Fourfouris Ioannis
Korovesis Panagiotis
Myrto Potamiti
This project investigates Retrieval-Augmented Generation (RAG) for image classification by integrating Vision Transformers (ViTs) and k-Nearest Neighbors (KNN) search to enhance classification accuracy. Using a pre-trained ViT-Tiny model, we extract CLS and patch embeddings from training images for CIFAR-10 classification.
We propose two primary approaches for sign language recognition: (1) CLS-Based Classification, where each image is represented by a single CLS token, and classification is performed using a KNN approach based on CLS embeddings from the training set, with the final class determined by majority voting; and (2) Patch-Based Classification, where each image is divided into 196 patches and KNN is applied at the patch level. Each patch is classified based on the majority vote among its k-nearest neighbors, followed by a second majority vote across all patches to determine the final classification.

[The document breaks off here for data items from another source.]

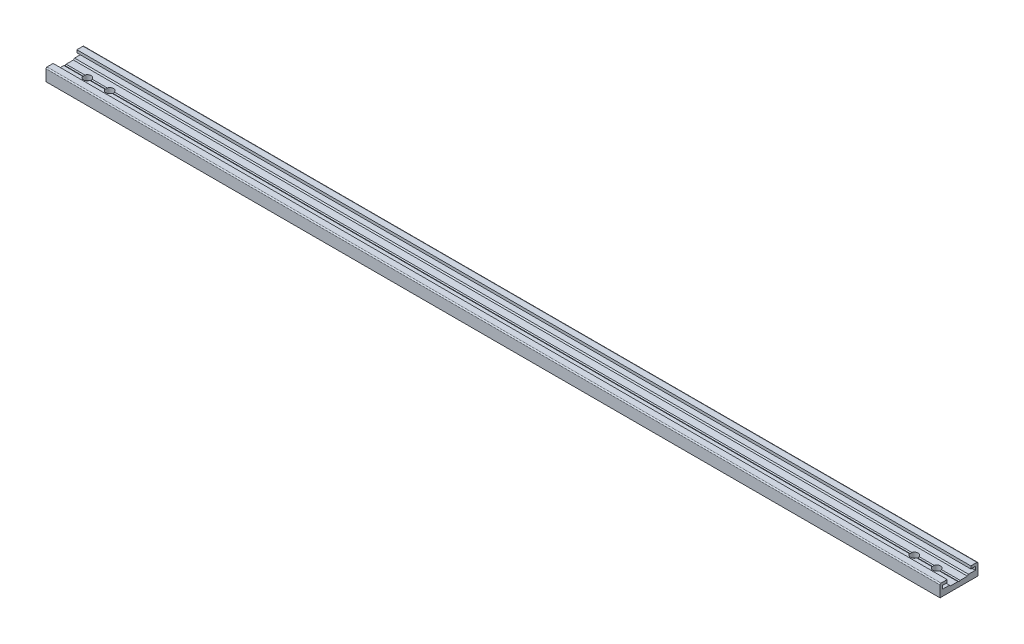
ISO-10303-21;
HEADER;
FILE_DESCRIPTION(('STEP AP214'),'2;1');
FILE_NAME('part.step','',(''),(''),'','','');
FILE_SCHEMA(('AUTOMOTIVE_DESIGN { 1 0 10303 214 1 1 1 1 }'));
ENDSEC;
DATA;
#1=APPLICATION_CONTEXT('core data for automotive mechanical design processes');
#2=APPLICATION_PROTOCOL_DEFINITION('international standard','automotive_design',2000,#1);
#3=PRODUCT_CONTEXT('',#1,'mechanical');
#4=PRODUCT('Part','Part','',(#3));
#5=PRODUCT_RELATED_PRODUCT_CATEGORY('part','',(#4));
#6=PRODUCT_DEFINITION_FORMATION('','',#4);
#7=PRODUCT_DEFINITION_CONTEXT('part definition',#1,'design');
#8=PRODUCT_DEFINITION('design','',#6,#7);
#9=PRODUCT_DEFINITION_SHAPE('','',#8);
#10=(LENGTH_UNIT() NAMED_UNIT(*) SI_UNIT(.MILLI.,.METRE.));
#11=(NAMED_UNIT(*) PLANE_ANGLE_UNIT() SI_UNIT($,.RADIAN.));
#12=(NAMED_UNIT(*) SI_UNIT($,.STERADIAN.) SOLID_ANGLE_UNIT());
#13=UNCERTAINTY_MEASURE_WITH_UNIT(LENGTH_MEASURE(1.E-05),#10,'distance_accuracy_value','');
#14=(GEOMETRIC_REPRESENTATION_CONTEXT(3) GLOBAL_UNCERTAINTY_ASSIGNED_CONTEXT((#13)) GLOBAL_UNIT_ASSIGNED_CONTEXT((#10,
#11,#12)) REPRESENTATION_CONTEXT('',''));
#15=CARTESIAN_POINT('',(0.,0.,0.));
#16=DIRECTION('',(0.,0.,1.));
#17=DIRECTION('',(1.,0.,0.));
#18=AXIS2_PLACEMENT_3D('',#15,#16,#17);
#19=CARTESIAN_POINT('',(400.,-0.45,0.499999998010386));
#20=DIRECTION('',(0.,-0.866025403784438,0.500000000000001));
#21=DIRECTION('',(0.,0.500000000000001,0.866025403784438));
#22=AXIS2_PLACEMENT_3D('',#19,#20,#21);
#23=PLANE('',#22);
#24=DIRECTION('',(-1.,0.,0.));
#25=VECTOR('',#24,1.);
#26=CARTESIAN_POINT('',(400.,-0.738675133446109,0.));
#27=LINE('',#26,#25);
#28=CARTESIAN_POINT('',(388.3,-0.738675133446109,0.));
#29=VERTEX_POINT('',#28);
#30=CARTESIAN_POINT('',(381.7,-0.738675133446109,0.));
#31=VERTEX_POINT('',#30);
#32=EDGE_CURVE('E547',#29,#31,#27,.T.);
#33=ORIENTED_EDGE('',*,*,#32,.T.);
#34=CARTESIAN_POINT('',(380.,-0.738675133446109,0.));
#35=DIRECTION('',(0.,0.866025403784438,-0.500000000000001));
#36=DIRECTION('',(0.,-0.500000000000001,-0.866025403784438));
#37=AXIS2_PLACEMENT_3D('',#34,#35,#36);
#38=ELLIPSE('',#37,1.9629909152447,1.69999999999998);
#39=CARTESIAN_POINT('',(381.624807681539,-0.45,0.499999998010386));
#40=VERTEX_POINT('',#39);
#41=EDGE_CURVE('E458',#40,#31,#38,.T.);
#42=ORIENTED_EDGE('',*,*,#41,.F.);
#43=DIRECTION('',(-1.,0.,0.));
#44=VECTOR('',#43,1.);
#45=CARTESIAN_POINT('',(400.,-0.45,0.499999998010386));
#46=LINE('',#45,#44);
#47=CARTESIAN_POINT('',(388.375192318461,-0.45,0.499999998010386));
#48=VERTEX_POINT('',#47);
#49=EDGE_CURVE('E550',#48,#40,#46,.T.);
#50=ORIENTED_EDGE('',*,*,#49,.F.);
#51=CARTESIAN_POINT('',(390.,-0.738675133446109,0.));
#52=DIRECTION('',(0.,0.866025403784438,-0.500000000000001));
#53=DIRECTION('',(0.,-0.500000000000001,-0.866025403784438));
#54=AXIS2_PLACEMENT_3D('',#51,#52,#53);
#55=ELLIPSE('',#54,1.9629909152447,1.69999999999998);
#56=EDGE_CURVE('E470',#29,#48,#55,.T.);
#57=ORIENTED_EDGE('',*,*,#56,.F.);
#58=EDGE_LOOP('',(#33,#42,#50,#57));
#59=FACE_BOUND('',#58,.T.);
#60=ADVANCED_FACE('F35',(#59),#23,.F.);
#61=CARTESIAN_POINT('',(400.,-0.45,-0.499999998010387));
#62=DIRECTION('',(0.,-0.866025403784438,-0.5));
#63=DIRECTION('',(0.,-0.5,0.866025403784439));
#64=AXIS2_PLACEMENT_3D('',#61,#62,#63);
#65=PLANE('',#64);
#66=CARTESIAN_POINT('',(400.,-0.738675133446109,0.));
#67=VERTEX_POINT('',#66);
#68=CARTESIAN_POINT('',(391.7,-0.738675133446109,0.));
#69=VERTEX_POINT('',#68);
#70=EDGE_CURVE('E543',#67,#69,#27,.T.);
#71=ORIENTED_EDGE('',*,*,#70,.F.);
#72=DIRECTION('',(0.,0.5,-0.866025403784438));
#73=VECTOR('',#72,1.);
#74=CARTESIAN_POINT('',(400.,-0.45,-0.499999998010387));
#75=LINE('',#74,#73);
#76=CARTESIAN_POINT('',(400.,-0.45,-0.499999998010387));
#77=VERTEX_POINT('',#76);
#78=EDGE_CURVE('E268',#67,#77,#75,.T.);
#79=ORIENTED_EDGE('',*,*,#78,.T.);
#80=DIRECTION('',(-1.,0.,0.));
#81=VECTOR('',#80,1.);
#82=CARTESIAN_POINT('',(400.,-0.45,-0.499999998010387));
#83=LINE('',#82,#81);
#84=CARTESIAN_POINT('',(391.624807681539,-0.450000000000001,-0.499999998010386));
#85=VERTEX_POINT('',#84);
#86=EDGE_CURVE('E251',#77,#85,#83,.T.);
#87=ORIENTED_EDGE('',*,*,#86,.T.);
#88=CARTESIAN_POINT('',(390.,-0.738675133446109,0.));
#89=DIRECTION('',(0.,0.866025403784438,0.5));
#90=DIRECTION('',(0.,-0.5,0.866025403784439));
#91=AXIS2_PLACEMENT_3D('',#88,#89,#90);
#92=ELLIPSE('',#91,1.9629909152447,1.69999999999998);
#93=EDGE_CURVE('E256',#69,#85,#92,.T.);
#94=ORIENTED_EDGE('',*,*,#93,.F.);
#95=EDGE_LOOP('',(#71,#79,#87,#94));
#96=FACE_BOUND('',#95,.T.);
#97=ADVANCED_FACE('F266',(#96),#65,.F.);
#98=CARTESIAN_POINT('',(388.375192318461,-0.450000000000001,-0.499999998010386));
#99=VERTEX_POINT('',#98);
#100=CARTESIAN_POINT('',(381.624807681539,-0.450000000000001,-0.499999998010386));
#101=VERTEX_POINT('',#100);
#102=EDGE_CURVE('E254',#99,#101,#83,.T.);
#103=ORIENTED_EDGE('',*,*,#102,.T.);
#104=CARTESIAN_POINT('',(380.,-0.738675133446109,0.));
#105=DIRECTION('',(0.,0.866025403784438,0.5));
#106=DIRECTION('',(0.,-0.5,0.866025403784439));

Additionally, we extract softmax predictions from a fine-tuned ViT-Tiny classifier and incorporate them into a prediction-with-function method. This function computes the final classification by summing the contributions of the K nearest neighbors, where each neighbor’s class label is weighted by its similarity to the test image. The similarity measure determines how close the test image embedding is to each training image embedding and this value is multiplied by the corresponding one-hot class vector. A static distance factor, representing a perfect match contribution, is also incorporated along with the predicted softmax vector from the fine-tuned Vision Transformer. This term ensures that the global prediction from the Vision Transformer plays a role in refining the decision, balancing both local instance-based classification and global feature-based recognition for improved accuracy.
Our experiments show that cosine similarity marginally outperforms Euclidean distance, increasing K improves accuracy up to an optimal threshold at K = 9–13, integrating softmax probabilities unexpectedly reduces accuracy due to misalignment between probability distributions and similarity-based classification and CLS version gives better results than the Patch-based version. Future work will explore distance weighting, alternative similarity metrics and additional techniques to enhance performance.
The structure of the project can be seen bellow
├── README.md
├── Report
│ ├── Rag Enhanced Image Classification.pptx
│ ├── Rag Enhanced Image Classification Abstract.pdf
└── src
├── development
├── brute_force_knn.ipynb
├── distance_function.ipynb
├── generate_plots.ipynb
├── ViT_softmax_predictions.ipynb